- **Given records**
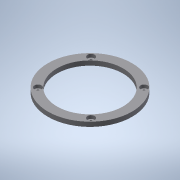
# Autodesk Inventor part: chamberPlateCircle
Saved by Autodesk Inventor 2021 (Build 250183000, 183)
## iProperties
Created: 2016-06-27
Part Number: chamberPlateCircle
Material: Generic
Document SubType Name: Modeling
Designer: 120pa
Density: 1 g/cm^3
Appearance: Default
Author: 120pa
Autodesk Inventor part; units mm, degrees
ref_plane "YZ Plane" through (0, 0, 0) normal (1, 0, 0) x (0, 1, 0)
ref_plane "XZ Plane" through (0, 0, 0) normal (0, 1, 0) x (-1, 0, 0)
ref_plane "XY Plane" through (0, 0, 0) normal (0, 0, 1) x (1, 0, 0)
sketch "Sketch1" plane through (0, 0, 0) normal (0, 1, 0) x (-1, 0, 0)
  circle A0 centre (0, 0) radius 22
  circle A1 centre (0, 0) radius 28
  dimension "d0" = 44
  dimension "d1" = 56
  constraints: 2 centre point
  measures "d0" diameter of A0
  measures "d1" diameter of A1
extrude "Extrusion1" add sketch "Sketch1" along normal blind 3
sketch "Sketch5" plane through (0, 3, 0) normal (0, 1, 0) x (1, 0, 0)
  line L0 (18.0303, 18.03) -> (-17.325, 18.03)
  line L1 (-17.325, 18.03) -> (-17.325, -17.325)
  line L2 (-17.325, -17.325) -> (18.0303, -17.325)
  line L3 (18.0303, -17.325) -> (18.0303, 18.03)
  point P0 (0, 0)
  dimension "d22" = 35.3553
  dimension "d23" = 35.355
  constraints: 8 end point, 2 parallel, 1 horizontal, 1 perpendicular
  measures "d22" distance of L2.end L1.end
  measures "d23" distance of L1.end L0.end
hole "Hole3" at (-17.325, 3, 17.325) at (-17.325, 3, -18.03) at (18.0303, 3, -18.03) at (18.0303, 3, 17.325) direction (0, -1, 0) diameter 2.438 end through all counterbore diameter 4.763 counterbore depth 2.184 clearance for "Socket Head Cap Screw" size "#2" standard "Ansi Unified Screw Threads"
body "Solid1"
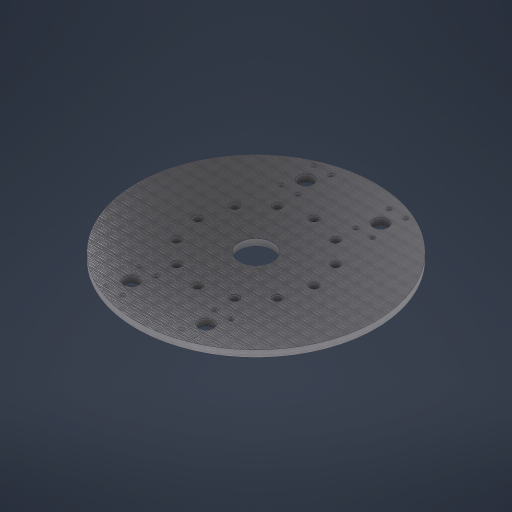
# Autodesk Inventor part: ArmBase
Saved by Autodesk Inventor 2024 (Build 280153000, 153)
## iProperties
Created: 2023-10-25
Part Number: ArmBase
Material: Generic
Document SubType Name: Modeling
Designer: avsar
Density: 1 g/cm^3
Appearance: Machined 03
Author: avsar
Autodesk Inventor part; units mm, degrees
ref_plane "YZ Plane" through (0, 0, 0) normal (1, 0, 0) x (0, 1, 0)
ref_plane "XZ Plane" through (0, 0, 0) normal (0, 1, 0) x (-1, 0, 0)
ref_plane "XY Plane" through (0, 0, 0) normal (0, 0, 1) x (1, 0, 0)
sketch "Sketch1" plane through (0, 0, 0) normal (0, 1, 0) x (-1, 0, 0)
  circle A0 centre (0, 0) radius 115
  circle A1 centre (0, 0) radius 16
  dimension "d0" = 230
  dimension "d1" = 32
  constraints: 2 centre point, 2 coincident
  measures "d0" diameter of A0
  measures "d1" diameter of A1
extrude "Extrusion1" add sketch "Sketch1" along normal blind 6.35
sketch "Sketch2" plane through (0, 6.35, 0) normal (0, 1, 0) x (1, 0, 0)
  circle A0 centre (0, 56) radius 4
  circle A1 centre (-28, 48.4974) radius 4
  circle A2 centre (-48.4974, 28) radius 4
  circle A3 centre (-56, 0) radius 4
  circle A4 centre (-48.4974, -28) radius 4
  circle A5 centre (-28, -48.4974) radius 4
  circle A6 centre (0, -56) radius 4
  circle A7 centre (28, -48.4974) radius 4
  circle A8 centre (48.4974, -28) radius 4
  circle A9 centre (56, 0) radius 4
  circle A10 centre (48.4974, 28) radius 4
  circle A11 centre (28, 48.4974) radius 4
  point P0 (0, 0)
  dimension "d4" = 8
  dimension "d5" = 56
  dimension "d8" = 360
  constraints: 12 centre point, 1 vertical alignment, 25 other
  measures "d4" diameter of A0
  measures "d5" distance of point (0, 0) A0.centre
extrude "Extrusion2" cut sketch "Sketch2" against normal through all
sketch "Sketch4" plane through (0, 6.35, 0) normal (0, 1, 0) x (1, 0, 0)
  circle A0 centre (-36, 84) radius 7
  circle A1 centre (-44, 100) radius 2
  line L0 (-36, 91) -> (-36, 77) construction
  line L1 (-43, 84) -> (-29, 84) construction
  circle A2 centre (-28, 100) radius 2
  circle A3 centre (-44, 68) radius 2
  circle A4 centre (-28, 68) radius 2
  circle A5 centre (0, 0) radius 16 construction
  line L2 (0, 16) -> (0, -16) construction
  line L3 (-16, 0) -> (16, 0) construction
  circle A6 centre (36, 84) radius 7
  circle A7 centre (44, 100) radius 2
  circle A8 centre (28, 100) radius 2
  circle A9 centre (44, 68) radius 2
  circle A10 centre (28, 68) radius 2
  circle A11 centre (-36, -84) radius 7
  circle A12 centre (-44, -100) radius 2
  circle A13 centre (-28, -100) radius 2
  circle A14 centre (-44, -68) radius 2
  circle A15 centre (-28, -68) radius 2
  circle A16 centre (36, -84) radius 7
  circle A17 centre (44, -100) radius 2
  circle A18 centre (28, -100) radius 2
  circle A19 centre (28, -68) radius 2
  circle A20 centre (44, -68) radius 2
  circle A21 centre (0, 0) radius 64 construction
  point P0 (-29, -84)
  dimension "d34" = 14
  dimension "d35" = 36
  dimension "d36" = 84
  dimension "d37" = 4
  dimension "d38" = 8
  dimension "d39" = 16
  dimension "d42" = 128
  constraints: 20 centre point, 19 symmetric about line, 8 end point, 8 point on circle, 4 midpoint, 3 coincident, 2 horizontal, 2 vertical, 1 horizontal alignment, 20 other
  measures "d34" diameter of A0
  measures "d35" horizontal distance of point (0, 0) A0.centre
  measures "d36" vertical distance of point (0, 0) A0.centre
  measures "d37" diameter of A1
  measures "d38" horizontal distance of A0.centre A1.centre
  measures "d39" vertical distance of A0.centre A1.centre
  measures "d42" diameter of A21
extrude "Extrusion4" cut sketch "Sketch4" against normal through all
body "Solid1"

- **Task prompt**
Above are the records; please give again, exactly and in full, only the lines that run from the line with "line L2 (-17.325, -17.325)" through the line with "circle A10 centre (48.4974, 28) radius 4", with no pictures.

- **Written answer**
  line L2 (-17.325, -17.325) -> (18.0303, -17.325)
  line L3 (18.0303, -17.325) -> (18.0303, 18.03)
  point P0 (0, 0)
  dimension "d22" = 35.3553
  dimension "d23" = 35.355
  constraints: 8 end point, 2 parallel, 1 horizontal, 1 perpendicular
  measures "d22" distance of L2.end L1.end
  measures "d23" distance of L1.end L0.end
hole "Hole3" at (-17.325, 3, 17.325) at (-17.325, 3, -18.03) at (18.0303, 3, -18.03) at (18.0303, 3, 17.325) direction (0, -1, 0) diameter 2.438 end through all counterbore diameter 4.763 counterbore depth 2.184 clearance for "Socket Head Cap Screw" size "#2" standard "Ansi Unified Screw Threads"
body "Solid1"
# Autodesk Inventor part: ArmBase
Saved by Autodesk Inventor 2024 (Build 280153000, 153)
## iProperties
Created: 2023-10-25
Part Number: ArmBase
Material: Generic
Document SubType Name: Modeling
Designer: avsar
Density: 1 g/cm^3
Appearance: Machined 03
Author: avsar
Autodesk Inventor part; units mm, degrees
ref_plane "YZ Plane" through (0, 0, 0) normal (1, 0, 0) x (0, 1, 0)
ref_plane "XZ Plane" through (0, 0, 0) normal (0, 1, 0) x (-1, 0, 0)
ref_plane "XY Plane" through (0, 0, 0) normal (0, 0, 1) x (1, 0, 0)
sketch "Sketch1" plane through (0, 0, 0) normal (0, 1, 0) x (-1, 0, 0)
  circle A0 centre (0, 0) radius 115
  circle A1 centre (0, 0) radius 16
  dimension "d0" = 230
  dimension "d1" = 32
  constraints: 2 centre point, 2 coincident
  measures "d0" diameter of A0
  measures "d1" diameter of A1
extrude "Extrusion1" add sketch "Sketch1" along normal blind 6.35
sketch "Sketch2" plane through (0, 6.35, 0) normal (0, 1, 0) x (1, 0, 0)
  circle A0 centre (0, 56) radius 4
  circle A1 centre (-28, 48.4974) radius 4
  circle A2 centre (-48.4974, 28) radius 4
  circle A3 centre (-56, 0) radius 4
  circle A4 centre (-48.4974, -28) radius 4
  circle A5 centre (-28, -48.4974) radius 4
  circle A6 centre (0, -56) radius 4
  circle A7 centre (28, -48.4974) radius 4
  circle A8 centre (48.4974, -28) radius 4
  circle A9 centre (56, 0) radius 4
  circle A10 centre (48.4974, 28) radius 4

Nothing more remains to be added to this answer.